(Task goal): Filter these entries, keeping only lines that hold the word "import".

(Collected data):
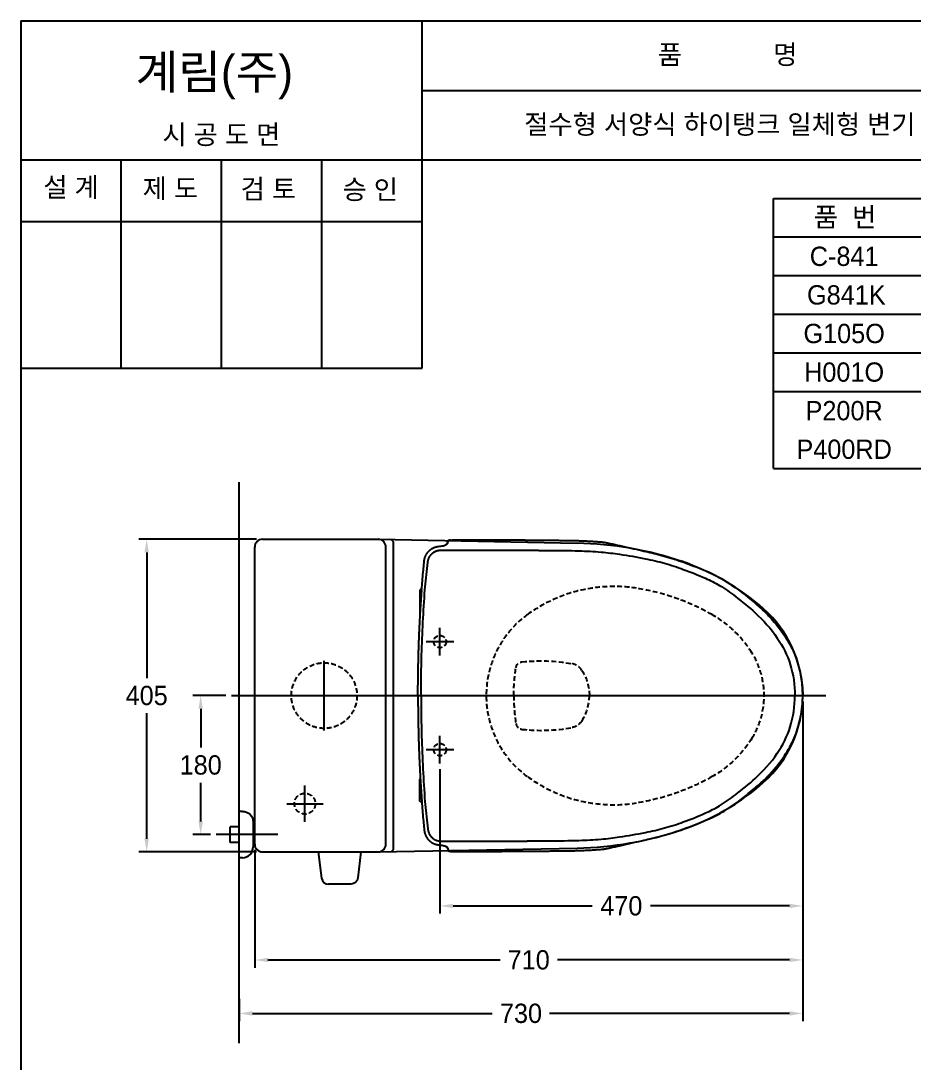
# Model space of a CAD drawing. Header units: millimetres. Extents: x 4660 to 14520, y -4429 to -1100.
# Drawn here: x 12720 to 13877, y -2450 to -1100 of the extents above; entities that cross this region are included whole.
import ezdxf
from ezdxf.enums import TextEntityAlignment as Align
from ezdxf.lldxf.tags import DXFTag

# ---------------------------------------------------------------- set-up
doc = ezdxf.new("R2010")
doc.units = ezdxf.units.MM
doc.linetypes.add('DASHED2', pattern=[9.525, 6.35, -3.175])
for name, color, linetype in [('TEXT', 7, 'Continuous'), ('내부선 및 부속', 4, 'Continuous'), ('도각라인', 255, 'Continuous'), ('외형선', 3, 'Continuous'), ('점선', 6, 'DASHED2'), ('중심선', 1, 'DASHED'), ('치수선', 7, 'Continuous')]:
    doc.layers.add(name, color=color, linetype=linetype)
doc.styles.add('____', font='')
doc.styles.add('타이틀', font='H2GTRM.TTF', dxfattribs={"height": 25})
doc.styles.get('____').set_extended_font_data('굴림')
tags = doc.linetypes.add('DASHDOT', pattern=[70, 31, -13, 13, -13]).pattern_tags.tags
tags[10:11] = [DXFTag(74, 4), DXFTag(75, 0), DXFTag(340, '0'), DXFTag(46, 0.0), DXFTag(50, 0.0), DXFTag(44, 0.0), DXFTag(45, 0.0)]
tags[8:9] = [DXFTag(74, 4), DXFTag(75, 0), DXFTag(340, '0'), DXFTag(46, 0.0), DXFTag(50, 0.0), DXFTag(44, 0.0), DXFTag(45, 0.0)]
tags[6:7] = [DXFTag(74, 4), DXFTag(75, 0), DXFTag(340, '0'), DXFTag(46, 0.0), DXFTag(50, 0.0), DXFTag(44, 0.0), DXFTag(45, 0.0)]
tags[4:5] = [DXFTag(74, 4), DXFTag(75, 0), DXFTag(340, '0'), DXFTag(46, 0.0), DXFTag(50, 0.0), DXFTag(44, 0.0), DXFTag(45, 0.0)]
tags = doc.linetypes.add('DASHED', pattern=[25.72, 12.86, -12.86]).pattern_tags.tags
tags[6:7] = [DXFTag(74, 4), DXFTag(75, 0), DXFTag(340, '0'), DXFTag(46, 0.0), DXFTag(50, 0.0), DXFTag(44, 0.0), DXFTag(45, 0.0)]
tags[4:5] = [DXFTag(74, 4), DXFTag(75, 0), DXFTag(340, '0'), DXFTag(46, 0.0), DXFTag(50, 0.0), DXFTag(44, 0.0), DXFTag(45, 0.0)]
doc.dimstyles.new('MSADIM', dxfattribs={"dimtxt": 33, "dimasz": 17, "dimexe": 10, "dimexo": 7.5, "dimgap": 10, "dimtad": 0, "dimtih": 1, "dimtoh": 1, "dimdec": 0, "dimzin": 1, "dimdsep": 46, "dimtxsty": '____', "dimcen": 11.25, "dimadec": 0, "dimazin": 0, "dimtfac": 1, "dimtdec": 0, "dimtix": 1, "dimtmove": 0, "dimatfit": 3, "dimfxl": 1, "dimtolj": 1, "dimtzin": 1, "dimarcsym": 0})

# ---------------------------------------------------------------- blocks, each defined once
blk = doc.blocks.new('*D62')
at = {"layer": '치수선', "color": 0, "linetype": 'Continuous', "lineweight": -2, "transparency": 16777216}
for p, q in [((13732.6, -1981.6), (13732.6, -2256.6)), ((13262.6, -2069.6), (13262.6, -2256.6)), ((13279.6, -2246.6), (13459.9, -2246.6)), ((13715.6, -2246.6), (13535.2, -2246.6))]:
    blk.add_line(p, q, dxfattribs=at)
at = {"layer": '치수선', "color": 0, "linetype": 'Continuous', "transparency": 16777216}
for points in [[(13279.6, -2243.8), (13279.6, -2249.4), (13262.6, -2246.6)], [(13715.6, -2243.8), (13715.6, -2249.4), (13732.6, -2246.6)]]:
    blk.add_solid(points, dxfattribs=at)
at = {"layer": '치수선', "color": 0, "linetype": 'Continuous', "transparency": 16777216, "insert": (13497.6, -2246.6), "char_height": 25, "attachment_point": 5, "style": '____'}
blk.add_mtext('\\A1;470', dxfattribs=at)
blk = doc.blocks.new('*D63')
at = {"layer": '치수선', "color": 0, "linetype": 'Continuous', "lineweight": -2, "transparency": 16777216}
for p, q in [((13732.6, -1981.6), (13732.6, -2326.6)), ((13022.6, -2174.1), (13022.6, -2326.6)), ((13039.6, -2316.6), (13340.4, -2316.6)), ((13715.6, -2316.6), (13414.7, -2316.6))]:
    blk.add_line(p, q, dxfattribs=at)
at = {"layer": '치수선', "color": 0, "linetype": 'Continuous', "transparency": 16777216}
for points in [[(13039.6, -2313.8), (13039.6, -2319.4), (13022.6, -2316.6)], [(13715.6, -2313.8), (13715.6, -2319.4), (13732.6, -2316.6)]]:
    blk.add_solid(points, dxfattribs=at)
at = {"layer": '치수선', "color": 0, "linetype": 'Continuous', "transparency": 16777216, "insert": (13377.6, -2316.6), "char_height": 25, "attachment_point": 5, "style": '____'}
blk.add_mtext('\\A1;710', dxfattribs=at)
blk = doc.blocks.new('*D64')
at = {"layer": '치수선', "color": 0, "linetype": 'Continuous', "lineweight": -2, "transparency": 16777216}
for p, q in [((13025.1, -1771.6), (12872.6, -1771.6)), ((12882.6, -1788.6), (12882.6, -1951.3)), ((12882.6, -2159.6), (12882.6, -1996.9)), ((13025.1, -2176.6), (12872.6, -2176.6))]:
    blk.add_line(p, q, dxfattribs=at)
at = {"layer": '치수선', "color": 0, "linetype": 'Continuous', "transparency": 16777216}
for points in [[(12879.7, -1788.6), (12885.4, -1788.6), (12882.6, -1771.6)], [(12879.7, -2159.6), (12885.4, -2159.6), (12882.6, -2176.6)]]:
    blk.add_solid(points, dxfattribs=at)
at = {"layer": '치수선', "color": 0, "linetype": 'Continuous', "transparency": 16777216, "insert": (12882.6, -1974.1), "char_height": 25, "attachment_point": 5, "style": '____'}
blk.add_mtext('\\A1;405', dxfattribs=at)
blk = doc.blocks.new('*D65')
at = {"layer": '치수선', "color": 0, "linetype": 'Continuous', "lineweight": -2, "transparency": 16777216}
for p, q in [((12985.1, -1974.1), (12942.6, -1974.1)), ((12952.6, -1991.1), (12952.6, -2041.3)), ((12952.6, -2137.1), (12952.6, -2087)), ((12965.1, -2154.1), (12942.6, -2154.1))]:
    blk.add_line(p, q, dxfattribs=at)
at = {"layer": '치수선', "color": 0, "linetype": 'Continuous', "transparency": 16777216}
for points in [[(12949.7, -1991.1), (12955.4, -1991.1), (12952.6, -1974.1)], [(12949.7, -2137.1), (12955.4, -2137.1), (12952.6, -2154.1)]]:
    blk.add_solid(points, dxfattribs=at)
at = {"layer": '치수선', "color": 0, "linetype": 'Continuous', "transparency": 16777216, "insert": (12952.6, -2064.1), "char_height": 25, "attachment_point": 5, "style": '____'}
blk.add_mtext('\\A1;180', dxfattribs=at)
blk = doc.blocks.new('*D67')
at = {"layer": '치수선', "color": 0, "linetype": 'Continuous', "lineweight": -2, "transparency": 16777216}
for p, q in [((13732.6, -2254.1), (13732.6, -2395.9)), ((13002.6, -2366.8), (13002.6, -2395.9)), ((13019.6, -2385.9), (13330.4, -2385.9)), ((13715.6, -2385.9), (13404.7, -2385.9))]:
    blk.add_line(p, q, dxfattribs=at)
at = {"layer": '치수선', "color": 0, "linetype": 'Continuous', "transparency": 16777216}
for points in [[(13019.6, -2383), (13019.6, -2388.7), (13002.6, -2385.9)], [(13715.6, -2383), (13715.6, -2388.7), (13732.6, -2385.9)]]:
    blk.add_solid(points, dxfattribs=at)
at = {"layer": '치수선', "color": 0, "linetype": 'Continuous', "transparency": 16777216, "insert": (13367.6, -2385.9), "char_height": 25, "attachment_point": 5, "style": '____'}
blk.add_mtext('\\A1;730', dxfattribs=at)

msp = doc.modelspace()

# ---------------------------------------------------------------- linework, layer by layer
at = {"layer": '내부선 및 부속'}
for p, q in [((13192.6, -2166.6), (13192.6, -1781.6)), ((13202.6, -2171.3), (13202.6, -1776.9))]:
    msp.add_line(p, q, dxfattribs=at)
at = {"layer": '내부선 및 부속', "linetype": 'Continuous'}
for p, q in [((13243.1, -1836.9), (13246.9, -1801.5)), ((13243.1, -2111.3), (13246.9, -2146.7)), ((13006.6, -2124.1), (13002.6, -2124.1)), ((12990.6, -2164.4), (12990.6, -2143.9)), ((13002.6, -2143.9), (12990.6, -2143.9)), ((13020.6, -2138.1), (13020.6, -2170.1)), ((13022.6, -2143.9), (13020.6, -2143.9)), ((13002.6, -2164.4), (12990.6, -2164.4)), ((13022.6, -2164.4), (13020.6, -2164.4)), ((13006.6, -2184.1), (13002.6, -2184.1)), ((13104.9, -2176.6), (13109.3, -2210.7)), ((13160.1, -2176.6), (13156.2, -2210.4)), ((13147.3, -2218.3), (13118.3, -2218.5))]:
    msp.add_line(p, q, dxfattribs=at)
at = {"layer": '내부선 및 부속', "linetype": 'Continuous', "flags": 128}
for points in [[(13006.6, -2124.1, -0.414214), (13020.6, -2138.1)], [(13156.2, -2210.4, -0.379025), (13147.3, -2218.3)]]:
    msp.add_lwpolyline(points, format="xyb", dxfattribs=at)
at = {"layer": '내부선 및 부속'}
for centre, radius, start, end in [((13182.6, -1781.6), 10, 0, 90), ((13197.6, -1776.9), 5, 0, 88.8892), ((13182.6, -2166.6), 10, 270, 0), ((13197.6, -2171.3), 5, 271.1108, 0)]:
    msp.add_arc(centre, radius, start, end, dxfattribs=at)
at = {"layer": '내부선 및 부속', "linetype": 'Continuous'}
for centre, radius, start, end in [((13006.6, -2170.1), 14, 270, 360), ((13118.2, -2209.5), 9, 187.3283, 270.36)]:
    msp.add_arc(centre, radius, start, end, dxfattribs=at)
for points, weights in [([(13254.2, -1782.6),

(Worked solution):
import ezdxf
from ezdxf.enums import TextEntityAlignment as Align
from ezdxf.lldxf.tags import DXFTag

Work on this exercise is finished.